- Work task -
Which lines run from the line with "line L18 (21.8236, 4.3544)" through the line with "line L28 (21.8236, 4.3544)" in the entries below? Print them exactly, both ends included, and nothing more.
--- START ---
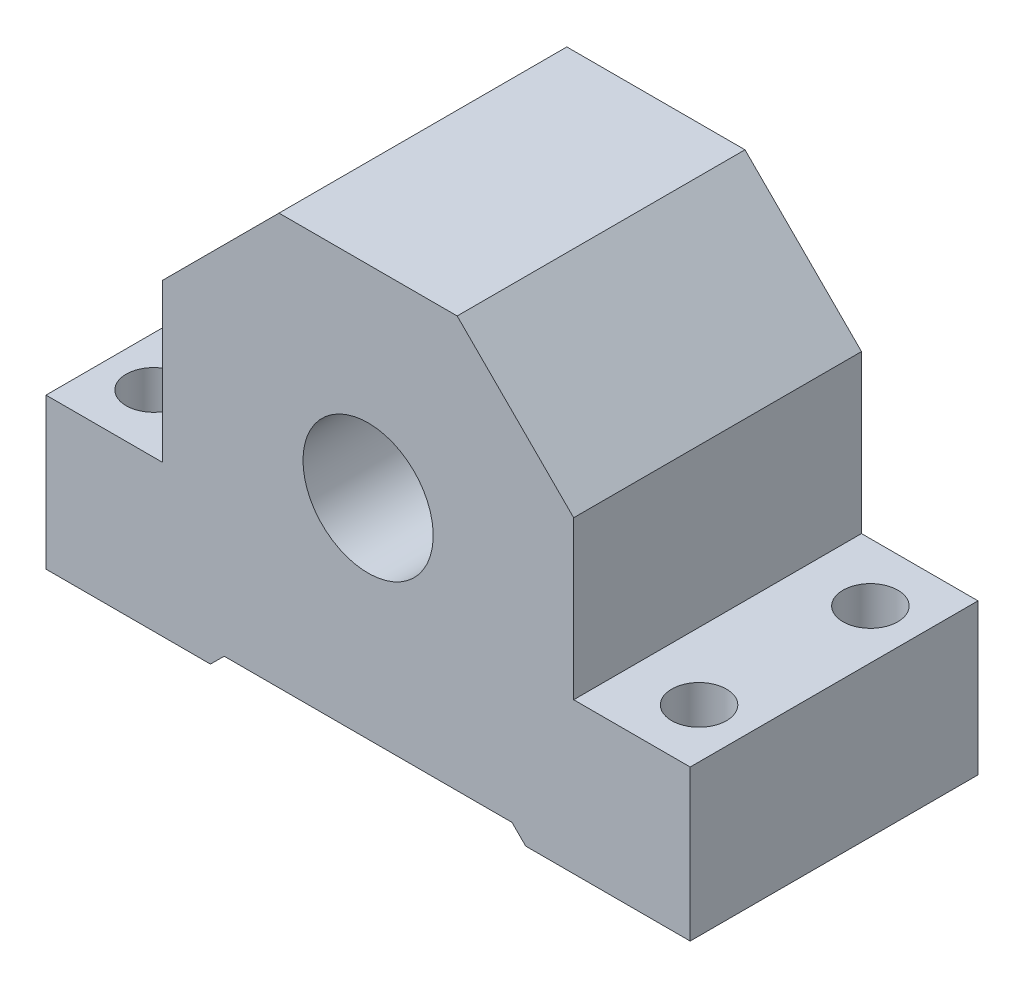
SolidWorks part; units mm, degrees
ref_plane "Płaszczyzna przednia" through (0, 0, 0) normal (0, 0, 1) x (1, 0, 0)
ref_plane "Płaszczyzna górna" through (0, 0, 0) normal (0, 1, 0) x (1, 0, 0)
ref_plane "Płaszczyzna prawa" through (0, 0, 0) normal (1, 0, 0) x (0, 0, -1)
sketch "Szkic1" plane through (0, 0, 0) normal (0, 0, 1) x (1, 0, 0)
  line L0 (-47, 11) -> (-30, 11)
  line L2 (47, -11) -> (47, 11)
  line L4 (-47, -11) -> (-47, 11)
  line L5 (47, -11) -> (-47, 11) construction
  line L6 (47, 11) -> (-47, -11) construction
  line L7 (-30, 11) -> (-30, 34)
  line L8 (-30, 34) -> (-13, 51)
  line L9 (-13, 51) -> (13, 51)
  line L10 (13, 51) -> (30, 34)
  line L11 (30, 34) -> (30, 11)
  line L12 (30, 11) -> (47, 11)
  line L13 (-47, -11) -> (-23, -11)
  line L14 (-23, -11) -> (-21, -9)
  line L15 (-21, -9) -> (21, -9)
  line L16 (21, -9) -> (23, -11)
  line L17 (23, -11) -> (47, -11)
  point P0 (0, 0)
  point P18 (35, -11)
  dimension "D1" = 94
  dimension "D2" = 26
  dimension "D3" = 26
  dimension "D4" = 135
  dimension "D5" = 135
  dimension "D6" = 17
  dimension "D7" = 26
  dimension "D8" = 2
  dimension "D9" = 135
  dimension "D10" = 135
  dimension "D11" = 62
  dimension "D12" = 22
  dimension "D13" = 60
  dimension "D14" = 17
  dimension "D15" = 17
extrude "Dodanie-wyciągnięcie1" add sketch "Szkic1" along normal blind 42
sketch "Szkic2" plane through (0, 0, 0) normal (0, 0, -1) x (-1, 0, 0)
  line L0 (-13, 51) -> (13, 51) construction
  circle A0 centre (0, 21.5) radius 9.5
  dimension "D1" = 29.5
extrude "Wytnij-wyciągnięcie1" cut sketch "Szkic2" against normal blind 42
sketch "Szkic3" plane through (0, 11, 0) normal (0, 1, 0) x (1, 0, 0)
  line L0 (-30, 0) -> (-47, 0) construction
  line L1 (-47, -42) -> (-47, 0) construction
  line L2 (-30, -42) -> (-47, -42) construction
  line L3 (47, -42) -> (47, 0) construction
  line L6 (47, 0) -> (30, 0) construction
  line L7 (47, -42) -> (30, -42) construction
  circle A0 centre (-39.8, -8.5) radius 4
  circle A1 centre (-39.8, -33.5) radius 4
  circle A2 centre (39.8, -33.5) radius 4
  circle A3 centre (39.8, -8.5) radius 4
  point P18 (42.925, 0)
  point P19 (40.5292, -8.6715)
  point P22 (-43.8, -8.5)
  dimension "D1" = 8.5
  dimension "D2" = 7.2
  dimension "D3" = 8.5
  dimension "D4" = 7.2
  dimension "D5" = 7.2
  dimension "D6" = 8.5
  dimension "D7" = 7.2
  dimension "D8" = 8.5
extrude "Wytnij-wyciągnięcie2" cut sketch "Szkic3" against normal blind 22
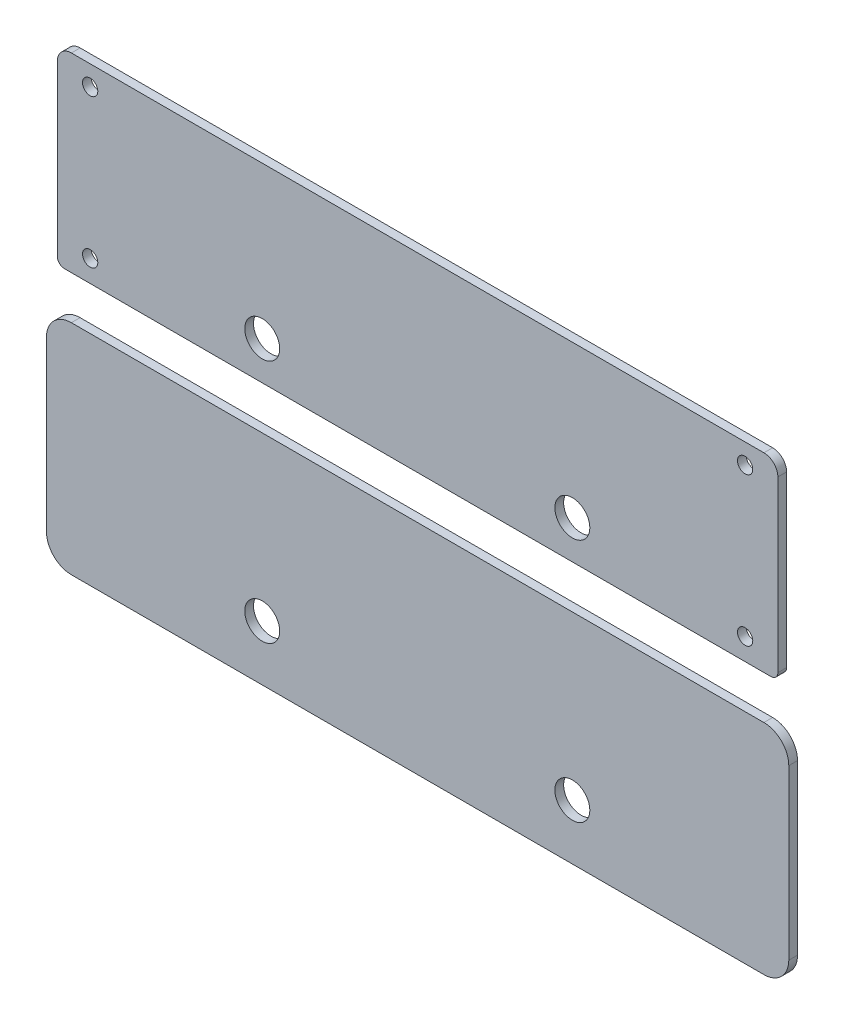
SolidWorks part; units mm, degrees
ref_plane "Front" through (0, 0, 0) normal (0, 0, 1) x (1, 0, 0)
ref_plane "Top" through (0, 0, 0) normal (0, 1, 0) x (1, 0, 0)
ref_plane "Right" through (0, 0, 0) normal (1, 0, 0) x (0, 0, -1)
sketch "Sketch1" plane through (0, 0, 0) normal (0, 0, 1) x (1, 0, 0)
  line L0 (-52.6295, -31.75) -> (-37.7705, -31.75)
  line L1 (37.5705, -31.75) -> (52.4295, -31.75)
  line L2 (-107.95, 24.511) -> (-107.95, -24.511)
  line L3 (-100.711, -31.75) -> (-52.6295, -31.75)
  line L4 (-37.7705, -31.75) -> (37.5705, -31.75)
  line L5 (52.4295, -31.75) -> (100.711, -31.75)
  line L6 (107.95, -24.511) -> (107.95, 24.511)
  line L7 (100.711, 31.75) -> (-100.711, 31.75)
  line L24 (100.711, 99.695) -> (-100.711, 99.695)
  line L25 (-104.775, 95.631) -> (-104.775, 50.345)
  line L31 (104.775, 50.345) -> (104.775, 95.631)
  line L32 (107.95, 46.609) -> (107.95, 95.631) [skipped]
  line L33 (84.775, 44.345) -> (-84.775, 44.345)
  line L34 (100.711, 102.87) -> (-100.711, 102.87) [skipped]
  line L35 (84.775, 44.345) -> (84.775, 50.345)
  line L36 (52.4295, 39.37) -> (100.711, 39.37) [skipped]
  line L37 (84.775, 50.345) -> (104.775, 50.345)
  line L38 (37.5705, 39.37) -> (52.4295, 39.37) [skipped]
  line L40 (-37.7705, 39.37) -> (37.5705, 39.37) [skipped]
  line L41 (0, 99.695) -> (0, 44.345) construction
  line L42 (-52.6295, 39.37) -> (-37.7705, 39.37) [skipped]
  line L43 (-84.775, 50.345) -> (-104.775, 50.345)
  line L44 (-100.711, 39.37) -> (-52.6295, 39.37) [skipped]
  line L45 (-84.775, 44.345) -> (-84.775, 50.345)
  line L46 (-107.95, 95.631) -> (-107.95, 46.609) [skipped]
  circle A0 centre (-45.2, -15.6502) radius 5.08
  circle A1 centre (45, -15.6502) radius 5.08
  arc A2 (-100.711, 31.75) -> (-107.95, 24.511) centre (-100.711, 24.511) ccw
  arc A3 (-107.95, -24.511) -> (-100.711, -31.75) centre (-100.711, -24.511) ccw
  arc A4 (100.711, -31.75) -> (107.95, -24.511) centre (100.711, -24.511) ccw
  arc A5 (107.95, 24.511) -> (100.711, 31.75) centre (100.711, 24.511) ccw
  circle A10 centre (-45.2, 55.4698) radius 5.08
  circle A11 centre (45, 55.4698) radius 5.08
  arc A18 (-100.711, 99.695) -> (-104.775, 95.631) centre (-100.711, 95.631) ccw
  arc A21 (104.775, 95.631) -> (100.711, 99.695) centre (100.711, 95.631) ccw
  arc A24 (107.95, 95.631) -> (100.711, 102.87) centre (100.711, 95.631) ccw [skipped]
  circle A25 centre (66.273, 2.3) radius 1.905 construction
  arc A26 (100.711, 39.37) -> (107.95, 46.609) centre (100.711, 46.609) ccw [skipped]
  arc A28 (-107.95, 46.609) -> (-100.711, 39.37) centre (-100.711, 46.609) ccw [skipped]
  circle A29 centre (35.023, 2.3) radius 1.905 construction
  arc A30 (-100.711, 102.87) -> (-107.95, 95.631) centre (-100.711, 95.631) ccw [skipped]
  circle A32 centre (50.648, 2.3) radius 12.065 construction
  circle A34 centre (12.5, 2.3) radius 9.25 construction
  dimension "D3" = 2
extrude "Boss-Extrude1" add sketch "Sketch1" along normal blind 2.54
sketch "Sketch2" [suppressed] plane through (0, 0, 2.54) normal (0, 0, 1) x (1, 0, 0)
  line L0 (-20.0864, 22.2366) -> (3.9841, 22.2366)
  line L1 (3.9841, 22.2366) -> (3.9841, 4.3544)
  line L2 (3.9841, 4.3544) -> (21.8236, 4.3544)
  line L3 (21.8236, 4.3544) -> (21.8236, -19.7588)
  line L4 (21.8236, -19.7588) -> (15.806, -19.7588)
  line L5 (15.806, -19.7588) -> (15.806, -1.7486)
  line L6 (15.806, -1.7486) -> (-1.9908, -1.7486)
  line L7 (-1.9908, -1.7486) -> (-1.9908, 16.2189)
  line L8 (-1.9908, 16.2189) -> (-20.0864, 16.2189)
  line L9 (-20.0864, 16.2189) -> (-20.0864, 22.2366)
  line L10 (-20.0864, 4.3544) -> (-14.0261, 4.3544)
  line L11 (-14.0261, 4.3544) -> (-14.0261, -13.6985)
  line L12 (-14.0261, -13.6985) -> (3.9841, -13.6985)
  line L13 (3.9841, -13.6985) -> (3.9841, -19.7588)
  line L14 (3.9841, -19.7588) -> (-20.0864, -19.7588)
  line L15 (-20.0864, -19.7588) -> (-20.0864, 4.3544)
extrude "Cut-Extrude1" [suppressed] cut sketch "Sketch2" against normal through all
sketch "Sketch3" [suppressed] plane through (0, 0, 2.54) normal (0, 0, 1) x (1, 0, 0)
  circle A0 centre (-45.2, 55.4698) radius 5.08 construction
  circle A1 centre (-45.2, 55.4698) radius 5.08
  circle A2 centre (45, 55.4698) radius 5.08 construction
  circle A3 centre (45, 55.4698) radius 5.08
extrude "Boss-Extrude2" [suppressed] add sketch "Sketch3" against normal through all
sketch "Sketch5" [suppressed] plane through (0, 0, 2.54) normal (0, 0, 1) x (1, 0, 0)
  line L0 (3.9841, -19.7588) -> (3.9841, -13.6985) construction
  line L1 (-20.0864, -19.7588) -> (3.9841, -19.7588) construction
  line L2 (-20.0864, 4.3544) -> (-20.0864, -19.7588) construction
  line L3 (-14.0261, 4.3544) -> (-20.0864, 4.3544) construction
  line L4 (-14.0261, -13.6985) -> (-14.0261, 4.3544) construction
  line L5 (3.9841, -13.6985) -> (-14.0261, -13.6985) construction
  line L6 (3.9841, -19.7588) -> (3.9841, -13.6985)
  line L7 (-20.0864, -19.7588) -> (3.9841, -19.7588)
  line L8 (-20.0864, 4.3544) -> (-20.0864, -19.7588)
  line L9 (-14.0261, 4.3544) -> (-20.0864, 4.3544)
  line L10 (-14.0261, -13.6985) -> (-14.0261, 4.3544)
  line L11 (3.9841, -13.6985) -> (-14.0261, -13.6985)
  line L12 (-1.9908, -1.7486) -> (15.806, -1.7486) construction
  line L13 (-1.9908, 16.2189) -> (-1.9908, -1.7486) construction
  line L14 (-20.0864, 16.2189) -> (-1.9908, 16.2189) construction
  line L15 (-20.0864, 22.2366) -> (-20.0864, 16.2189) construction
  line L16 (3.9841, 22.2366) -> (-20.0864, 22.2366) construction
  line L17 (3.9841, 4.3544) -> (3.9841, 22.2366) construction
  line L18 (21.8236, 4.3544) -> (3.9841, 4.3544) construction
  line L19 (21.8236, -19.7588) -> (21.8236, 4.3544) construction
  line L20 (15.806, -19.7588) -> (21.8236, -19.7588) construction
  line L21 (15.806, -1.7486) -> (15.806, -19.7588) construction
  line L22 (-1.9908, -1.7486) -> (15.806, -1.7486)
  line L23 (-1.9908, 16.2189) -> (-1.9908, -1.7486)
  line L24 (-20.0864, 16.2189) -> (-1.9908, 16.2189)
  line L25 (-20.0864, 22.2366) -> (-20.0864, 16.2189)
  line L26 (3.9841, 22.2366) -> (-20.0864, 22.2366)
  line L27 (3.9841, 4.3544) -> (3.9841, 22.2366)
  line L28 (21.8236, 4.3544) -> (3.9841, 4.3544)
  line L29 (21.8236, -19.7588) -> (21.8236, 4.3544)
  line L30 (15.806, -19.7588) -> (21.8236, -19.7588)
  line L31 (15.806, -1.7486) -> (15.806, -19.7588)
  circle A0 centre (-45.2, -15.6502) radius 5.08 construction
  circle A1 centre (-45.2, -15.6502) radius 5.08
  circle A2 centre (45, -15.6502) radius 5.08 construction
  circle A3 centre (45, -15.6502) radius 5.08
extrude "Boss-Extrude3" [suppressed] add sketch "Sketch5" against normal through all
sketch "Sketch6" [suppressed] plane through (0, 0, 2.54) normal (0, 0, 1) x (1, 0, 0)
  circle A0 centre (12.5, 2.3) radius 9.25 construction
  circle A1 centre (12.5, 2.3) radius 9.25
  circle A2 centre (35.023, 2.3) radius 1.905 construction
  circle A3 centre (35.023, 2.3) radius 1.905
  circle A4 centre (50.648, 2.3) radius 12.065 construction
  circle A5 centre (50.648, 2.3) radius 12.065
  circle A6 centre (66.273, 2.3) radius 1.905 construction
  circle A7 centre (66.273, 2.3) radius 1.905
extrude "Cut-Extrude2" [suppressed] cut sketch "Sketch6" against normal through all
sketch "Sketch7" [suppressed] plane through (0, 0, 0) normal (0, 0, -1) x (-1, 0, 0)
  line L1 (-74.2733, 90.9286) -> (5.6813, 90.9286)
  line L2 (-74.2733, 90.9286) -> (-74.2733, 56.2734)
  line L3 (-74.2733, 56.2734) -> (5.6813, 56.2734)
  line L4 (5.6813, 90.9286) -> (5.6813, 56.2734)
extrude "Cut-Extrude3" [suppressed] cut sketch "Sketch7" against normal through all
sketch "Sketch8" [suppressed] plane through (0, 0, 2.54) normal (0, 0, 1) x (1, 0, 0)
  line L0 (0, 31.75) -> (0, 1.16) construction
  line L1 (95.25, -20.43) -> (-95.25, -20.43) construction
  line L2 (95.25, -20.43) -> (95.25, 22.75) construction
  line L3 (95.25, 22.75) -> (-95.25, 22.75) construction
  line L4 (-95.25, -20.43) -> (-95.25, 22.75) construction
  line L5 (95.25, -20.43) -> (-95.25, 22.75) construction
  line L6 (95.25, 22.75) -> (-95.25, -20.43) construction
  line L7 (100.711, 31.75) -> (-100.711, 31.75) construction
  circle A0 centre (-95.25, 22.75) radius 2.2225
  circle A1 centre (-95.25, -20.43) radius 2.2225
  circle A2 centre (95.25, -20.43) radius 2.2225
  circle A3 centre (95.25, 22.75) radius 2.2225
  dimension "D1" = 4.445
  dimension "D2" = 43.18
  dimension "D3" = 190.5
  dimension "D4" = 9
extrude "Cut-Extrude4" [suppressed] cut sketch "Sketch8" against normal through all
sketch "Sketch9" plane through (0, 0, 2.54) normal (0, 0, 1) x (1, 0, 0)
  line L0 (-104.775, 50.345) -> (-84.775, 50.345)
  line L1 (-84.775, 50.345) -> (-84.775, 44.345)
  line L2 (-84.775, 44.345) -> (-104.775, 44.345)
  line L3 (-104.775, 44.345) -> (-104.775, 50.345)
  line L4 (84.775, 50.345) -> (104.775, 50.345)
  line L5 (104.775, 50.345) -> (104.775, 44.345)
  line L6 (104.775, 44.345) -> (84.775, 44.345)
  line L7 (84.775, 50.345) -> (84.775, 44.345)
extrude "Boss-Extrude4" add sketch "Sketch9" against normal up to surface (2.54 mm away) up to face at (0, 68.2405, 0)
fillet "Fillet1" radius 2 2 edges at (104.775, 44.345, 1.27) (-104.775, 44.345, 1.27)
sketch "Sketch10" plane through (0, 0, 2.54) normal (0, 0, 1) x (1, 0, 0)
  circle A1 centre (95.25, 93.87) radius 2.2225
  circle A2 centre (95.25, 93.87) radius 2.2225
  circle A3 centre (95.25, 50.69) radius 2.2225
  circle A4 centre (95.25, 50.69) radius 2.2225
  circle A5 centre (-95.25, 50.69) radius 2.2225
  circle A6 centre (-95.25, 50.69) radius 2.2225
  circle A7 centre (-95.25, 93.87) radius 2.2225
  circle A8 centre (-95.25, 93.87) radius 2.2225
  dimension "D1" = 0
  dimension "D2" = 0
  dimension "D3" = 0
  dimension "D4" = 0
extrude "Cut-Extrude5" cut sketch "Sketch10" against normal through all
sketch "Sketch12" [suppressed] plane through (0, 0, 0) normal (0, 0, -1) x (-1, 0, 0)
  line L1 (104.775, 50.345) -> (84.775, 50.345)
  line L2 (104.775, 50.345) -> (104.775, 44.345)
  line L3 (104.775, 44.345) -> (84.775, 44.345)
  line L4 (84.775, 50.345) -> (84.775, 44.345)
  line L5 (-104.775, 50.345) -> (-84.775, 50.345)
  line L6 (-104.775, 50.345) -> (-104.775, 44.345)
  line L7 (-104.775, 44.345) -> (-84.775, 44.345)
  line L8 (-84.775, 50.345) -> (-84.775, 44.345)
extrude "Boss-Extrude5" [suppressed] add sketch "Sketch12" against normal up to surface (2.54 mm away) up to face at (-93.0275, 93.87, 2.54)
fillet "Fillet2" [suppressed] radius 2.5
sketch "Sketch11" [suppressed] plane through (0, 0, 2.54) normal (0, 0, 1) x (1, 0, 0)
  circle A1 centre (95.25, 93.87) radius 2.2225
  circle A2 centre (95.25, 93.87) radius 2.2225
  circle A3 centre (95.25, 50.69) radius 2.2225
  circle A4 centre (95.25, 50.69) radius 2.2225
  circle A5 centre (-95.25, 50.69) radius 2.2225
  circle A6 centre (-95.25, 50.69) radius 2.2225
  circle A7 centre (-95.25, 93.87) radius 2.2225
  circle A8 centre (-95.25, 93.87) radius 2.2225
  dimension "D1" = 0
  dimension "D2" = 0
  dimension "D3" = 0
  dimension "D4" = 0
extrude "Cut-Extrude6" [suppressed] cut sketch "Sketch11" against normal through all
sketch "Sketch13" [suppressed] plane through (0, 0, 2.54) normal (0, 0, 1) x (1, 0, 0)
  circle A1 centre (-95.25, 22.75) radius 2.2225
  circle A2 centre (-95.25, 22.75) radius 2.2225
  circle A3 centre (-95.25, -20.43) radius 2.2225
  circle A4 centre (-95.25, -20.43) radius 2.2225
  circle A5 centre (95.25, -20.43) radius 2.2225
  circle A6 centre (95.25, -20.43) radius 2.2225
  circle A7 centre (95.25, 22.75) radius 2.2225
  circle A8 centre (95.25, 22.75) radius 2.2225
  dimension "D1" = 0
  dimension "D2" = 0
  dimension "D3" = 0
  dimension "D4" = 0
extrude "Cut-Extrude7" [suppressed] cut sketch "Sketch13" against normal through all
--- END ---
- Written response -
  line L18 (21.8236, 4.3544) -> (3.9841, 4.3544) construction
  line L19 (21.8236, -19.7588) -> (21.8236, 4.3544) construction
  line L20 (15.806, -19.7588) -> (21.8236, -19.7588) construction
  line L21 (15.806, -1.7486) -> (15.806, -19.7588) construction
  line L22 (-1.9908, -1.7486) -> (15.806, -1.7486)
  line L23 (-1.9908, 16.2189) -> (-1.9908, -1.7486)
  line L24 (-20.0864, 16.2189) -> (-1.9908, 16.2189)
  line L25 (-20.0864, 22.2366) -> (-20.0864, 16.2189)
  line L26 (3.9841, 22.2366) -> (-20.0864, 22.2366)
  line L27 (3.9841, 4.3544) -> (3.9841, 22.2366)
  line L28 (21.8236, 4.3544) -> (3.9841, 4.3544)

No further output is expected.